FOR IMMEDIATE RELEASE

November 14, 2005

RFID INDUSTRY SUMMONS LAP DOGS TO SQUELCH SPYCHIPS EXPOSE
Panicked Proponents Resort to Half Truths, Outright Lies

What do you say you're caught red-handed planning to track people with RFID when you've promised you never would? If you're a global corporation with millions of dollars invested in the technology, you call in your chips -- er, favors. RFID industry mouthpieces AIM Global and RFID Journal have both heeded the call of their advertisers and supporters, nipping at the heels of the new book Spychips: How Major Corporations and Government Plan to Track Your Every Move with RFID.

Even start-up companies have tried to join the pack with critiques of their own.

"The companies behind the RFID industry must have thought they were calling out their attack dogs, but they apparently called their lap dogs by mistake" says Spychips co-author Katherine Albrecht. "Their attempts to criticize our book are toothless and feeble. In fact, they're using half-truths and outright lies to try to deflect from the real issues."

She points to several statements by RFID Journal's Mark Roberti as examples. In his review of the book he claims the authors "want a complete and total ban on the use of RFID for all consumer applications."

"That's absolute nonsense," says Albrecht, "Perhaps Mr. Roberti didn't read our book. We make it very clear that the only appropriate role for RFID legislation is to require companies to tell us when products contain RFID tags so we can make our own decisions about whether or not to buy them. We have never called for a ban on RFID."

The rest of Roberti's critique is equally flawed. Albrecht's rebuttal to his review is posted on the Spychips website at: http://www.spychips.com/book/roberti-rebuttal.html.

Spychips co-author Liz McIntyre takes on AIM Global's review of the book. "AIM Global sinks its gums into Spychips, shaking it almost imperceptibly from side to side before collapsing into agreement with us," she writes.

AIM admits the patents revealed in the book are "more than a little disquieting," and that "the book does contain some valid concerns and highlights some of the more outlandish claims made by RFID proponents." However, AIM's anonymous reviewer deflects the blame for these worrisome ideas away from IBM, Procter & Gamble, and NCR where they belong and attributes them to unnamed "marketers."

Among these more "outlandish claims" and "disquieting proposals" are IBM's patent pending "Identification and Tracking of Persons Using RFID-Tagged Items," Procter & Gamble's patent pending "Systems and Methods for Tracking Consumers in a Store Environment," and NCR's patented "Automated Monitoring of Activity of Shoppers in a Market," McIntyre notes.

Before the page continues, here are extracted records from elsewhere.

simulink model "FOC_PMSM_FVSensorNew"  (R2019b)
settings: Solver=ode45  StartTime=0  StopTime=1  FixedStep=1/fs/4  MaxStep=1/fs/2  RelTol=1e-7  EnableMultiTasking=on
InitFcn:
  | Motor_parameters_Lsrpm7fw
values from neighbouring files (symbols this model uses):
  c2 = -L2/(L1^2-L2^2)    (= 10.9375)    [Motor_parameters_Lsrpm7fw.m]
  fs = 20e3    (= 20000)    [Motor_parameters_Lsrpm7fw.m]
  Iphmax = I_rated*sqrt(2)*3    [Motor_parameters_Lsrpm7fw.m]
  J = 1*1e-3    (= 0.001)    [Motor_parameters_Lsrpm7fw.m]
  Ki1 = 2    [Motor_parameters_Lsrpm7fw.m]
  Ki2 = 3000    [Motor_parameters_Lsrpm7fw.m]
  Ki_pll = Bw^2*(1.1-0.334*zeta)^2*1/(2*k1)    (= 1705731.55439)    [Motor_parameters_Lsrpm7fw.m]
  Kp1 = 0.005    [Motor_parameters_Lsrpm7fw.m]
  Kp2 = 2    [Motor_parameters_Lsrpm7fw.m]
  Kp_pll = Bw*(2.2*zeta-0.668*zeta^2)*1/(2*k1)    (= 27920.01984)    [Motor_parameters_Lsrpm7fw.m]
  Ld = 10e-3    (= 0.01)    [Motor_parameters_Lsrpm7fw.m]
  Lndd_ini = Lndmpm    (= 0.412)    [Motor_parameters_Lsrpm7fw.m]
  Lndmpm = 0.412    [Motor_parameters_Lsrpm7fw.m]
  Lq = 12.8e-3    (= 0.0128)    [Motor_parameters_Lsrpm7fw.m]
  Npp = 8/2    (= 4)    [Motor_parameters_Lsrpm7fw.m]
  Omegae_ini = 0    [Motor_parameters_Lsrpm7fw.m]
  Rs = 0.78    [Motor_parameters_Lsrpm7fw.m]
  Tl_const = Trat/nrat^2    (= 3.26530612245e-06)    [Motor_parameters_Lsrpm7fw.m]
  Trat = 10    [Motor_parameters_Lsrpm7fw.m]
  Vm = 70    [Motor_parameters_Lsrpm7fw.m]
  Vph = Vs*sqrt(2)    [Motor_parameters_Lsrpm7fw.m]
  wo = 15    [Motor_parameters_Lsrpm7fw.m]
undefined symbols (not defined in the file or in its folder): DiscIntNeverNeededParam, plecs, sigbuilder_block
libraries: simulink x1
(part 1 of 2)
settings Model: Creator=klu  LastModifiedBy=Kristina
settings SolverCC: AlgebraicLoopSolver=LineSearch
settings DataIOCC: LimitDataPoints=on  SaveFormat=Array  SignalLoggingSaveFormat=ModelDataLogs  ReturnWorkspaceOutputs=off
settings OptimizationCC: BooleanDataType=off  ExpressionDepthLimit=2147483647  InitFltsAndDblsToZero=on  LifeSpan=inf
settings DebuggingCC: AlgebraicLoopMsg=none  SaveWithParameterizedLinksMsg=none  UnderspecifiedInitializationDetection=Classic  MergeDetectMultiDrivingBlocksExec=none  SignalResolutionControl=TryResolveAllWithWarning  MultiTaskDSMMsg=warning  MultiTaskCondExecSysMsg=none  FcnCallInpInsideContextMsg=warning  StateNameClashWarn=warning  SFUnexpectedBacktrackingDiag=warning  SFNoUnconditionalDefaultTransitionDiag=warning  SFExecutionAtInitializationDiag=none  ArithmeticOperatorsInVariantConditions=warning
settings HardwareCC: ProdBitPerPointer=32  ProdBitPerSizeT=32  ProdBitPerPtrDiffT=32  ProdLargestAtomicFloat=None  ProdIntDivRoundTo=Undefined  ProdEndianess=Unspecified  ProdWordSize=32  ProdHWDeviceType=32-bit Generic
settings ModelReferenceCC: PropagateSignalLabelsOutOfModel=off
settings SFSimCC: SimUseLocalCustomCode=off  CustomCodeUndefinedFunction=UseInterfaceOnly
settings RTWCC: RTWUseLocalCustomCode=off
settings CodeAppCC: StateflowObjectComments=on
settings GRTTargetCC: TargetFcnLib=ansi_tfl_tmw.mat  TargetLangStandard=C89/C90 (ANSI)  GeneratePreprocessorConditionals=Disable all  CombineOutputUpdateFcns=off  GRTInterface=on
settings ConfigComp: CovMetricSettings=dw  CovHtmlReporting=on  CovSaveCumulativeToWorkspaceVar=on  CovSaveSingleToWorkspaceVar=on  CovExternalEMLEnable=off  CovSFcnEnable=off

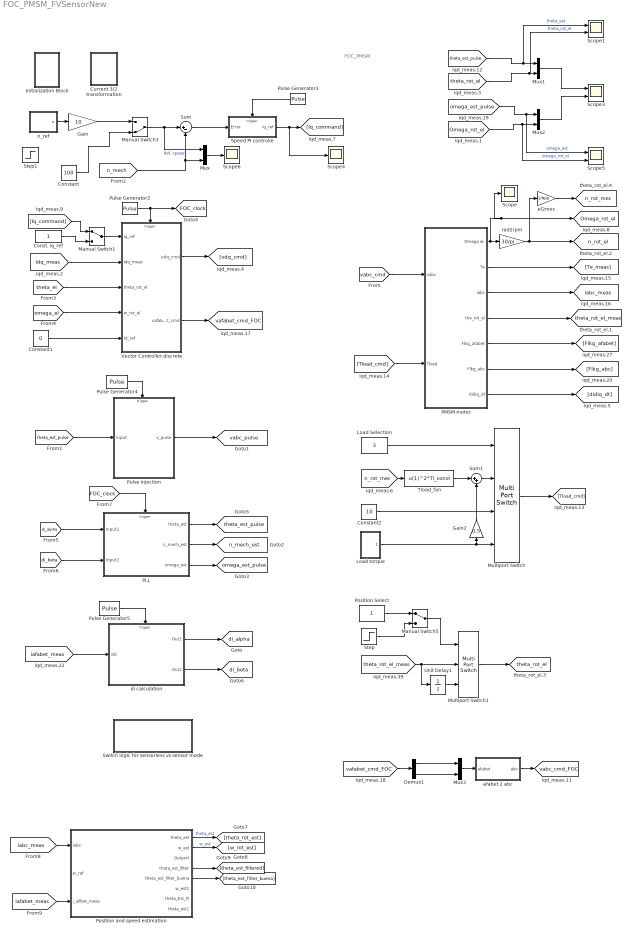
== system FOC_PMSM_FVSensorNew ==
  note: FOC_PMSM
  Const. iq_ref : Constant
  Constant : Constant  Value=100
  Constant1 : Constant  Value=0
  Constant2 : Constant  Value=10
  Current 3/2 transformation : Subsystem
      mask Display:
      | plot([0.1000    0.1357    0.1714    0.2071    0.2429    0.2786    0.3143    0.3500    0.3857    0.4214 0.4571    0.4929    0.5286    0.5643    0.6000]-0.05,0.4+0.6*[0.5000    0.5868    0.6564    0.6950    0.6950    0.6564    0.5868    0.5000    0.4132    0.3436 0.3050    0.3050    0.3436    0.4132    0.5000])
      | 
      | plot([0.1,0.9],[0.1,0.9])
      | 
      | plot([0.5,0.9],0.3*[1 1])
  Demux1 : Demux  Outputs=2
  Gain : Gain  Gain=10
  Gain2 : Gain  Gain=0.5
  Initialization Block : Subsystem  mask{init_in=Motor_parameters_Lsrpm7fw}
      mask prompts: init_in "Enter Initialization Script:"
      mask init:
      | aaa =3;
      mask Callback init_in:
      | init_script=get_param(gcb,'MaskValueString');
      | %eval(init_script);
      | %set_param(gcs,'PreLoadFcn',init_script)
      | set_param(gcs,'InitFcn',init_script)
      | 
      | % Change the parameters here;
      | Ld               = Ld;
      | Lq               = Ld;
  Load Selection : Constant  Value=3
  Load torque : Subsystem
  Manual Switch1 : ManualSwitch
  Manual Switch3 : ManualSwitch  CurrentSetting=0
  Manual Switch5 : ManualSwitch
  Multiport Switch : MultiPortSwitch
  Multiport Switch1 : MultiPortSwitch  Inputs=2
  Mux{,1..3} (4 alike) : Mux  Inputs=2
  PLL : Subsystem  TreatAsAtomicUnit=on
  PMSM motor : Subsystem
  Position Select : Constant
  Position and speed estimation : Subsystem  TreatAsAtomicUnit=on
  Pulse Generator2 : DiscretePulseGenerator  PulseType=Time based  Period=1/fs  PulseWidth=50
  Pulse Generator3 : DiscretePulseGenerator  PulseType=Time based  Period=1/fs  PulseWidth=50
  Pulse Generator4 : DiscretePulseGenerator  PulseType=Time based  Period=1/fs  PulseWidth=50  PhaseDelay=(1/fs)*0.5
  Pulse Generator5 : DiscretePulseGenerator  PulseType=Time based  Period=1/(fs*2)  PulseWidth=50
  Pulse injection : Subsystem  TreatAsAtomicUnit=on
  Scope : Scope
  Scope1 : Scope  NumInputPorts=2
  Scope3 : Scope  NumInputPorts=2
  Scope4 : Scope
  Scope5 : Scope  NumInputPorts=2
  Scope6 : Scope
  Speed PI controlle : Subsystem
  Step : Step  Time=0  Before=1  After=2  SampleTime=0
  Step1 : Step  Time=0.2  Before=100  After=100  SampleTime=0
  Sum : Sum  Inputs=|+-
  Sum1 : Sum  Inputs=|++
  Switch logic for sensorless vs sensor mode : Subsystem
  Tload_fan : Fcn  Expr=u(1)^2*Tl_const
  Unit Delay1 : UnitDelay  SampleTime=(1/fs)*4  HasFrameUpgradeWarning=on
  Vector Controller.discrete : Subsystem
  afabet 2 abc : Subsystem
  di calculation : Subsystem  TreatAsAtomicUnit=on
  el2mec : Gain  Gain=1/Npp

"People can see through the industry's attempts at damage control and recognize them as spin," McIntyre observes. "When the industry expends this much energy trying to squelch a book, it's clear
they're afraid, and, frankly, they should be. They can't squirm out of the truth this time. We've caught them with their own words, and it's all footnoted and documented."

McIntyre has posted her rebuttal to AIM Global's review at:
http://www.spychips.com/book/aim-rebuttal.html.

When asked whether they'll be entertaining other rebuttal opportunities, the authors laugh, "We hate to turn down any opportunity to shame the opposition, but our editors remind us that we have more important tasks at hand. Besides, we've already done a thorough job addressing just about every issue the industry could lob our way."


ABOUT THE BOOK

Spychips: How Major Corporations and Government Plan to Track your Every Move with RFID is the winner of the Lysander Spooner Award for Advancing the Literature of Liberty. Authored by Harvard doctoral researcher Katherine Albrecht and former bank examiner Liz McIntyre, the book is

meticulously researched, drawing on patent documents, corporate source materials, conference proceedings, and firsthand interviews to paint a convincing -- and frightening -- picture of the threat posed by RFID.

Despite its hundreds of footnotes and academic-level accuracy, the book remains lively and readable, according to critics, who have called it a "techno-thriller" and "a masterpiece of technocriticism."